__PROBLEM__. Look through the entries for the string "however" and copy every line where it shows up.

__EXCERPTED DATA__.
--

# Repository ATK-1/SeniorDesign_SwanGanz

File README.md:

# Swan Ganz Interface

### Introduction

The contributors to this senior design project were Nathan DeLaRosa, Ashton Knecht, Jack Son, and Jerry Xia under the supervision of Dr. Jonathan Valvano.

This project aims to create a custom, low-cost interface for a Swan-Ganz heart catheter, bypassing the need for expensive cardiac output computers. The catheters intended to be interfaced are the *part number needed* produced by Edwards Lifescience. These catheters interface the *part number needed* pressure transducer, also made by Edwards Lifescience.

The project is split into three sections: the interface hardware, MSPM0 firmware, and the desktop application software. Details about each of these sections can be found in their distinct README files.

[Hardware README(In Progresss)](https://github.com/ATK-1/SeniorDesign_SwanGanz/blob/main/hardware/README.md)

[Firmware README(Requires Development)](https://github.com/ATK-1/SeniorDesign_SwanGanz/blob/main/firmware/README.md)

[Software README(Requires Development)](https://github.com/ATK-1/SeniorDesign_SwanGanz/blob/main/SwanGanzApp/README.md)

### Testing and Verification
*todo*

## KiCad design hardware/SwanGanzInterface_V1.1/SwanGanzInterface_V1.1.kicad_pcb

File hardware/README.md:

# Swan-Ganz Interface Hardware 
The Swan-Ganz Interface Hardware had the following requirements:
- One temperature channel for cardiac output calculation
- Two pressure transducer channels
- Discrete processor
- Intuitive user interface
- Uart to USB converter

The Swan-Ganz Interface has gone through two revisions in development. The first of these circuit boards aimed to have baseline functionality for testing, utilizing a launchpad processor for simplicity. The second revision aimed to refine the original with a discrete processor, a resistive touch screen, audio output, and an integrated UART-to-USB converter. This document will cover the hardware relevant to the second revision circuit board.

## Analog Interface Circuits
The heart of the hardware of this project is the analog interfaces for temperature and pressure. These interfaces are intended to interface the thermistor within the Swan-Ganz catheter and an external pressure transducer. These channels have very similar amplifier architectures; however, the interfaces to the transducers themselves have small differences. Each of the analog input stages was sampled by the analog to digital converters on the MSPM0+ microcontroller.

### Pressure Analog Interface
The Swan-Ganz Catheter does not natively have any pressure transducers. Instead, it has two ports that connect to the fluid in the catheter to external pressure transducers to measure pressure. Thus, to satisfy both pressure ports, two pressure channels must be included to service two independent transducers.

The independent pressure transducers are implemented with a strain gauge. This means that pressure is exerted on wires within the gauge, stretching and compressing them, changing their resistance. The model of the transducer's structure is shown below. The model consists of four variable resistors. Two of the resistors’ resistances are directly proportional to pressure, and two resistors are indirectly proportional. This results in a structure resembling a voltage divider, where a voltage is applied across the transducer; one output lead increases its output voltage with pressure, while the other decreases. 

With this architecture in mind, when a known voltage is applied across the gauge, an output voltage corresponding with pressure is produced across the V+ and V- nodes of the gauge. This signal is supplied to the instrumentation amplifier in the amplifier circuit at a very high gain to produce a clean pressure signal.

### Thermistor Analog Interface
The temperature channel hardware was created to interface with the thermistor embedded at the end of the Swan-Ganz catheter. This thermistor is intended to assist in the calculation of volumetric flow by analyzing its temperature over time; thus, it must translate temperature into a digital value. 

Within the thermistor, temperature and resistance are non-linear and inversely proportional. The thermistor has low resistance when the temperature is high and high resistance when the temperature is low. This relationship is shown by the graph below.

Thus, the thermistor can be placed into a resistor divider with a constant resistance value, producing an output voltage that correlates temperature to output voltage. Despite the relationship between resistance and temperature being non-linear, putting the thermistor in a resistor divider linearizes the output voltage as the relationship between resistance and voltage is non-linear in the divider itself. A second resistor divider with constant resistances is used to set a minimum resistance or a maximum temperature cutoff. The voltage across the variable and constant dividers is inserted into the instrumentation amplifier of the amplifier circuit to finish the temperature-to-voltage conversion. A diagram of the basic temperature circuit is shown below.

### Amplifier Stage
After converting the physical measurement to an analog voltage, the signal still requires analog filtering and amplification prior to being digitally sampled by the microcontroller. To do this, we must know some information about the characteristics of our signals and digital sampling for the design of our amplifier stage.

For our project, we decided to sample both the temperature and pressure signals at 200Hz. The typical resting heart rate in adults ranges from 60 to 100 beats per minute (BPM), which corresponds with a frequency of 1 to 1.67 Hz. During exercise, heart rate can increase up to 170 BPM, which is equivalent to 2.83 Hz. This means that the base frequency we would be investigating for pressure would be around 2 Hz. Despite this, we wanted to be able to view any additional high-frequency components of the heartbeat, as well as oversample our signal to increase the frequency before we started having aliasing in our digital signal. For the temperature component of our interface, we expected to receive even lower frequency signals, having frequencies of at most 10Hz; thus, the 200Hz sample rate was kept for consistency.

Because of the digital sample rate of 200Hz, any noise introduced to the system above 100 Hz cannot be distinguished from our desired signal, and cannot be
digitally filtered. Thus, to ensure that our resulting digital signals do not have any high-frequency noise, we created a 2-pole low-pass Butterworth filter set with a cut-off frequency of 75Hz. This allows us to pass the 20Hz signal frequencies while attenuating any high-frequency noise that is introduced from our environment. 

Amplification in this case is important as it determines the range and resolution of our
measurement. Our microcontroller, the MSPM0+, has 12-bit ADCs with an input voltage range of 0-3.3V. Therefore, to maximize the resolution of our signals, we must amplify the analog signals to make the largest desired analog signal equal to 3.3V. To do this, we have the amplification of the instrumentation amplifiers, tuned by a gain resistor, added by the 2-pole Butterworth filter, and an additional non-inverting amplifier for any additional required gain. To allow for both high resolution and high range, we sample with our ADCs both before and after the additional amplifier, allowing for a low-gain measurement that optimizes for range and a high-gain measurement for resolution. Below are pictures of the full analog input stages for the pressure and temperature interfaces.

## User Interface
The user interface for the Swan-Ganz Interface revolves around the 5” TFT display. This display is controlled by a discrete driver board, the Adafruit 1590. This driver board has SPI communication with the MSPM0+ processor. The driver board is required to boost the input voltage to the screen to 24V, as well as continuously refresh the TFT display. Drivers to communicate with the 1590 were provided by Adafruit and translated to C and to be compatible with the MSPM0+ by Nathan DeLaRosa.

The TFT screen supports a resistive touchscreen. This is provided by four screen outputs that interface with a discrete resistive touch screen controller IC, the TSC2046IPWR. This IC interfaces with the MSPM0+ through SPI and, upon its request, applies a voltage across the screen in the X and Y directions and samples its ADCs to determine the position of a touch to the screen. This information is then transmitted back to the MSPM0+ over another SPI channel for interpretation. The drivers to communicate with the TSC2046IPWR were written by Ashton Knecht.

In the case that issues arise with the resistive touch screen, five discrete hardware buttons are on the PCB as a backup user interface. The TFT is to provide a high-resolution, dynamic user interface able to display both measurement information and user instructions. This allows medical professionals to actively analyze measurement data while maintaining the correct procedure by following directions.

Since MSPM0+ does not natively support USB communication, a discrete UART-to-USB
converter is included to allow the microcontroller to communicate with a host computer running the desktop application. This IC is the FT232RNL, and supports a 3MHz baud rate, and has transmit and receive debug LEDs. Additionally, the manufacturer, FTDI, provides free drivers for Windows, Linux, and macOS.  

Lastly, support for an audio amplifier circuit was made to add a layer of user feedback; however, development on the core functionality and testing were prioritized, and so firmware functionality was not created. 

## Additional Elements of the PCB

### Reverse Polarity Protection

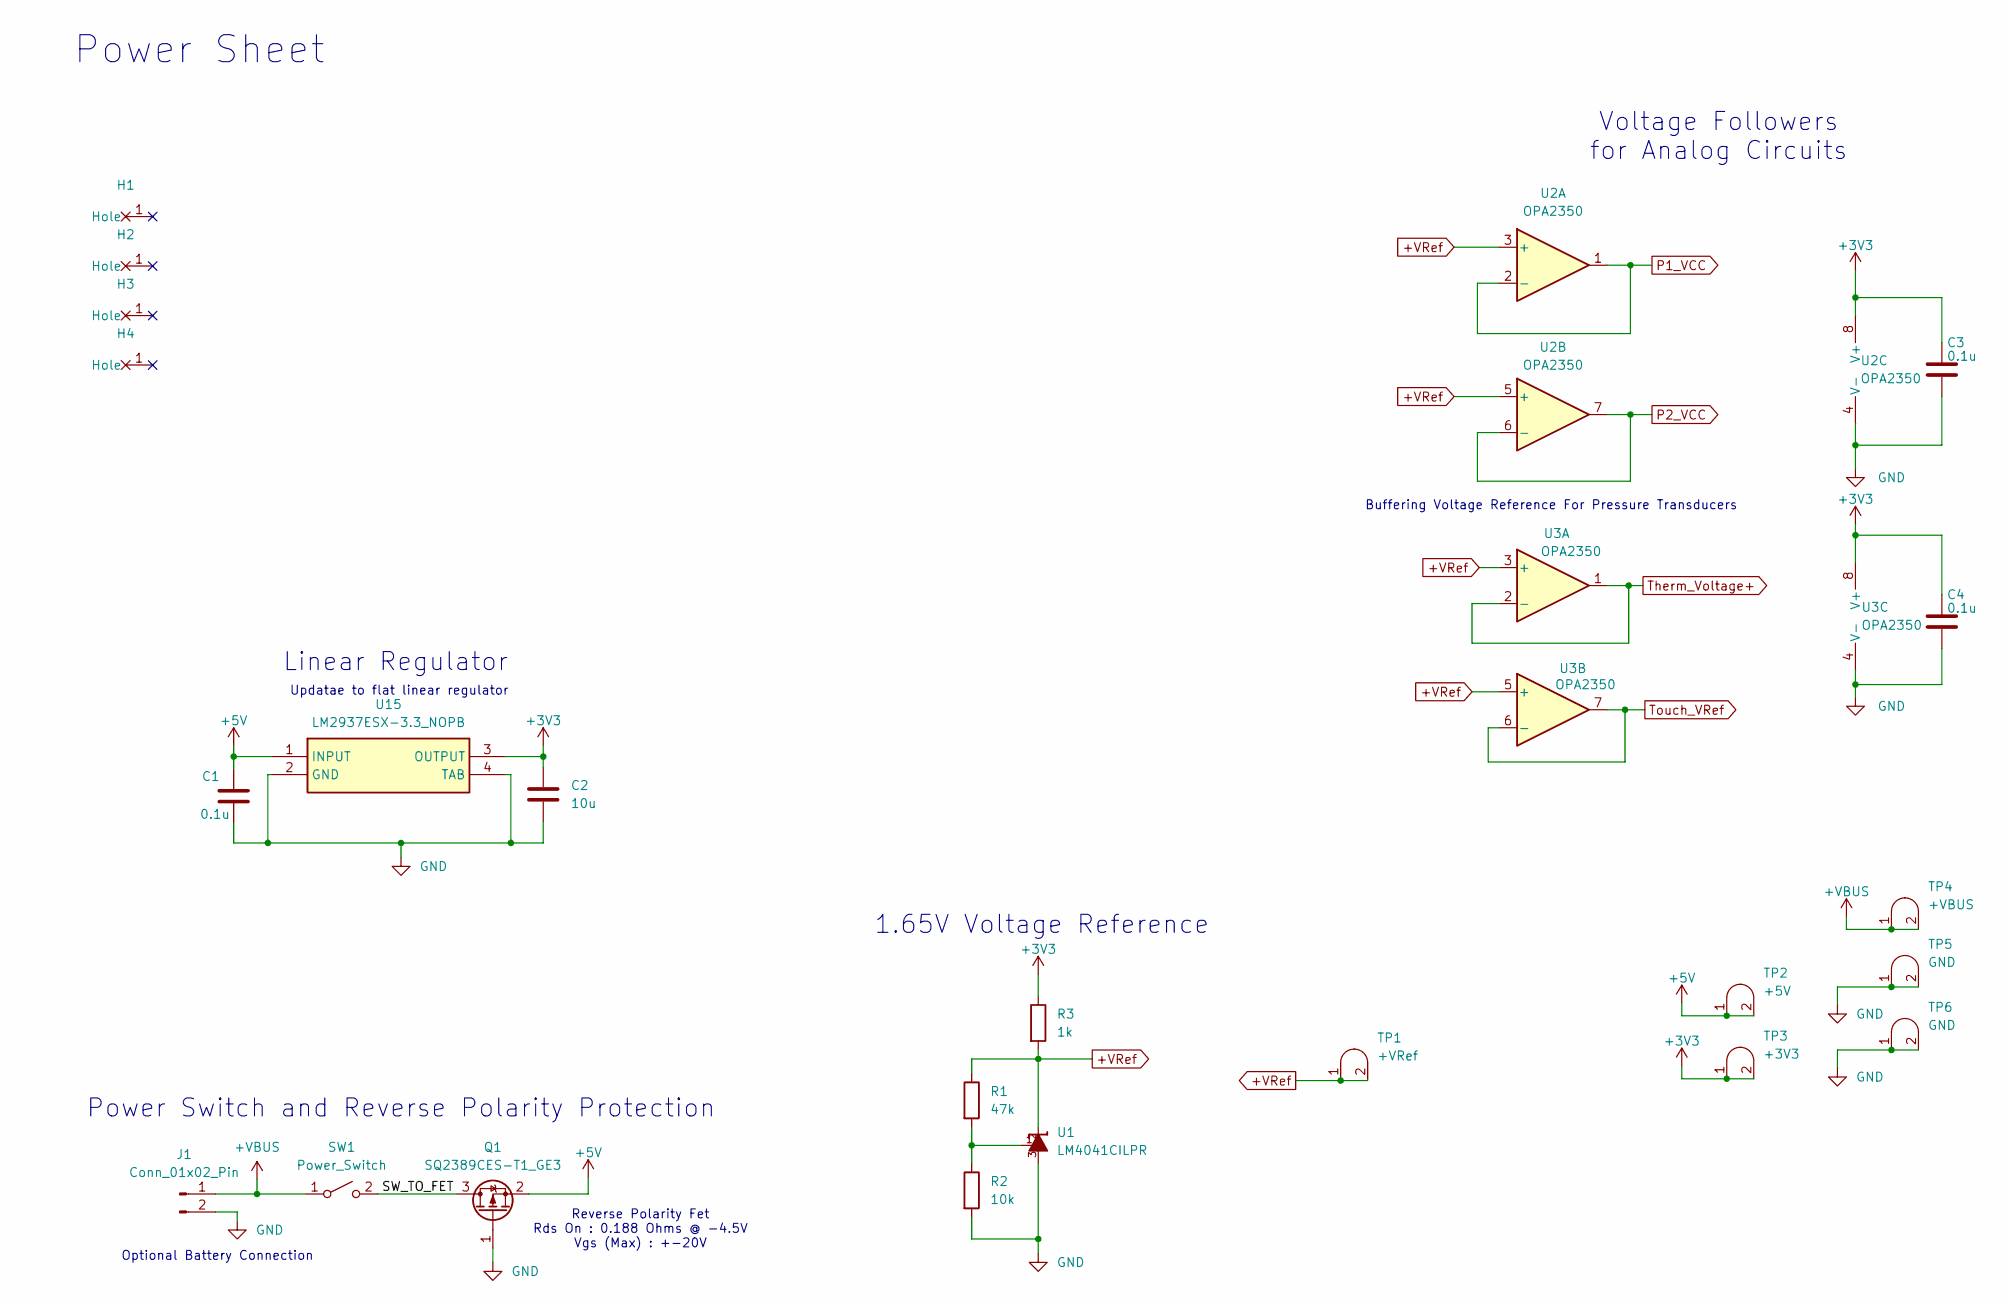
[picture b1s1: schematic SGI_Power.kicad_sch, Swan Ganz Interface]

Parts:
C1, C3, C4: 0.1u; C_0603_1608Metric
C2: 10u; C_1206_3216Metric
H1, H2, H3, H4: MountingHole_4_40
J1: Conn_01x02_Pin; PinHeader_1x02_P2.54mm_Vertical
Q1: SQ2389CES-T1_GE3; SOT-23
R1: 47k; R_0603_1608Metric
R2: 10k; R_0603_1608Metric
R3: 1k; R_0603_1608Metric
SW1: Power_Switch; SW-T3-1A-A-A3-S1
TP1: +VRef; Testpoint_1x02_P2.54mm
TP2: +5V; Testpoint_1x02_P2.54mm
TP3: +3V3; Testpoint_1x02_P2.54mm
TP4: +VBUS; Testpoint_1x02_P2.54mm
TP5, TP6: GND; Testpoint_1x02_P2.54mm
U1: LM4041CILPR; ti_LM4041CILPR
U2, U3: OPA2350; DIP-8_W7.62mm
U15: LM2937ESX-3.3_NOPB; Manufacturer_Part_Number LM2937ESX-3.3/NOPB; Mouser Part Number 926-LM2937ESX33NOPB

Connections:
+3V3: C2.1, C3.1, C4.1, R3.1, TP3.1 (A), TP3.2 (B), U2.8 (V+), U3.8 (V+), U15.3 (OUTPUT); also elsewhere on the board
+5V: C1.1, Q1.2 (S), TP2.1 (A), TP2.2 (B), U15.1 (INPUT); also elsewhere on the board
+VBUS: J1.1, SW1.1 (A), TP4.1 (A), TP4.2 (B); also elsewhere on the board
+VRef: R1.1, R3.2, TP1.1 (A), TP1.2 (B), U1.2, U2.3 (+), U2.5 (+), U3.3 (+), U3.5 (+)
/Power/SW_TO_FET: Q1.3 (D), SW1.2 (B)
GND: C1.2, C2.2, C3.2, C4.2, J1.2, Q1.1 (G), R2.2, TP5.1 (A), TP5.2 (B), TP6.1 (A), TP6.2 (B), U1.3, U2.4 (V-), U3.4 (V-), U15.2 (GND), U15.4 (TAB); also elsewhere on the board
unnamed: R1.2, R2.1, U1.1
P1_VCC: U2.1, U2.2 (-); also elsewhere on the board
P2_VCC: U2.6 (-), U2.7; also elsewhere on the board
Therm_Voltage+: U3.1, U3.2 (-); also elsewhere on the board
Touch_VRef: U3.6 (-), U3.7; also elsewhere on the board

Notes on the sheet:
Buffering Voltage Reference For Pressure Transducers
Power Switch and Reverse Polarity Protection
Power Sheet
Updatae to flat linear regulator
Reverse Polarity Fet Rds On : 0.188 Ohms @ -4.5V Vgs (Max) : +-20V
Voltage Followers for Analog Circuits
Linear Regulator
1.65V Voltage Reference
Optional Battery Connection

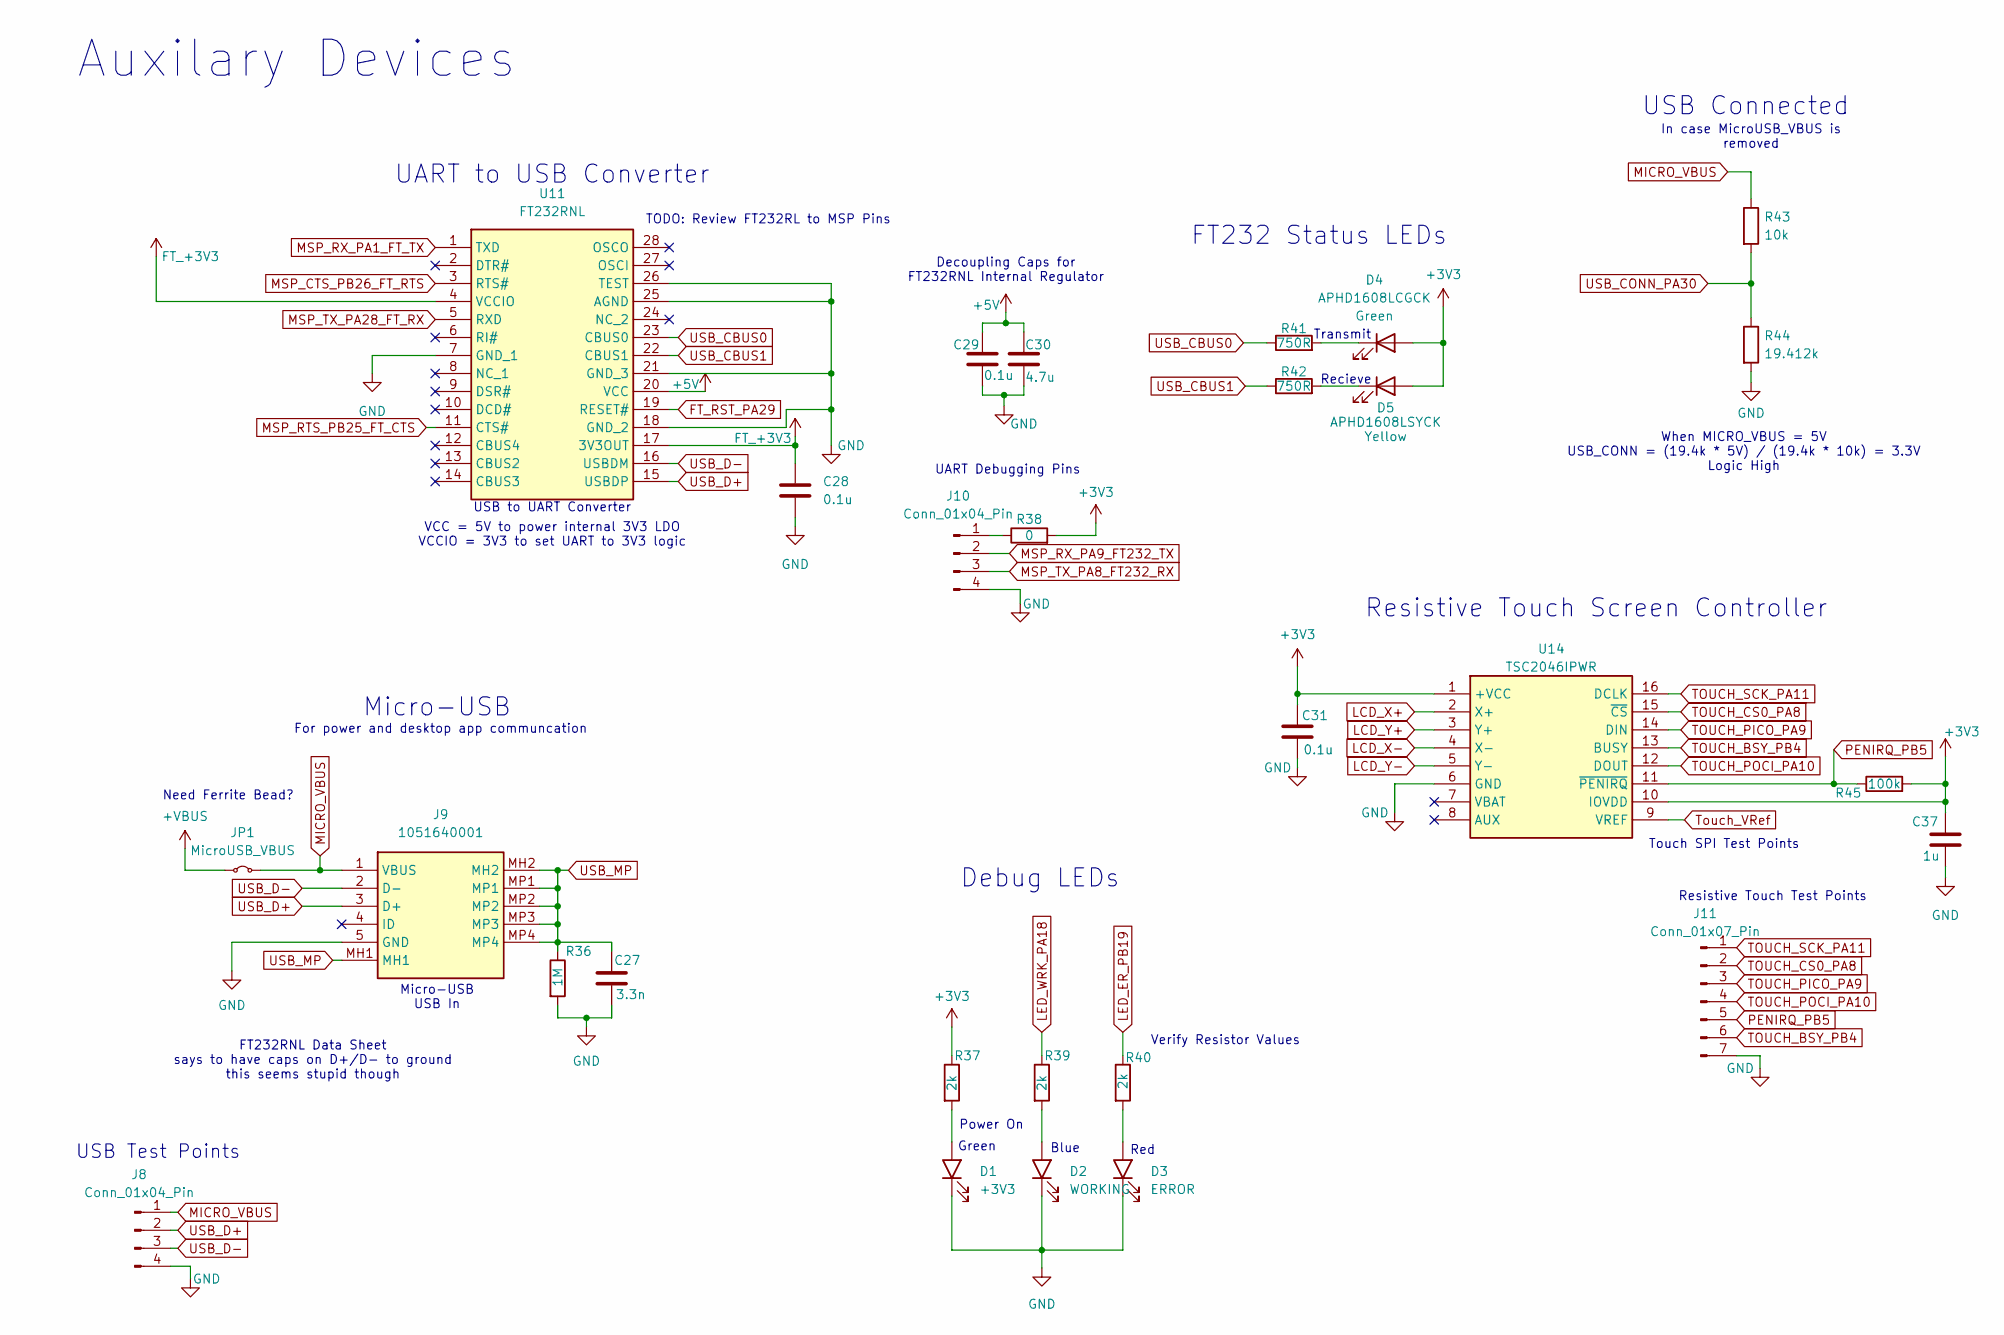
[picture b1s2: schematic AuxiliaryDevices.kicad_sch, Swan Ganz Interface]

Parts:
C27: 3.3n; C_0603_1608Metric
C28, C29, C31: 0.1u; C_0603_1608Metric
C30: 4.7u; C_0805_2012Metric
C37: 1u; C_0603_1608Metric
D1: +3V3; LED_D5.0mm
D2: WORKING; LED_D5.0mm
D3: ERROR; LED_D5.0mm
D4: APHD1608LCGCK; D_0603_1608Metric; Forward Voltage 1.9V
D5: APHD1608LSYCK; D_0603_1608Metric; Forward Voltage 1.85V
J8, J10: Conn_01x04_Pin; PinHeader_1x04_P2.54mm_Vertical
J9: 1051640001; Manufacturer_Part_Number 1051640001; Mouser Part Number N/A
J11: Conn_01x07_Pin; PinHeader_1x07_P2.54mm_Vertical
JP1: MicroUSB_VBUS; PinHeader_1x02_P2.54mm_Vertical
R36: 1M; R_0603_1608Metric
R37, R39, R40: 2k; R_0603_1608Metric
R38: 0; R_0603_1608Metric
R41, R42: 750R; R_0603_1608Metric
R43: 10k; R_0603_1608Metric
R44: 19.412k; R_0603_1608Metric
R45: 100k; R_0603_1608Metric
U11: FT232RNL; FT232RL; Manufacturer_Part_Number FT232RNL
U14: TSC2046IPWR; SOP65P640X120-16N; Manufacturer_Part_Number TSC2046IPWR; Mouser Part Number 595-TSC2046IPWR

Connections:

--

__SOLUTION TO THIS EXERCISE__.
The heart of the hardware of this project is the analog interfaces for temperature and pressure. These interfaces are intended to interface the thermistor within the Swan-Ganz catheter and an external pressure transducer. These channels have very similar amplifier architectures; however, the interfaces to the transducers themselves have small differences. Each of the analog input stages was sampled by the analog to digital converters on the MSPM0+ microcontroller.
Lastly, support for an audio amplifier circuit was made to add a layer of user feedback; however, development on the core functionality and testing were prioritized, and so firmware functionality was not created. 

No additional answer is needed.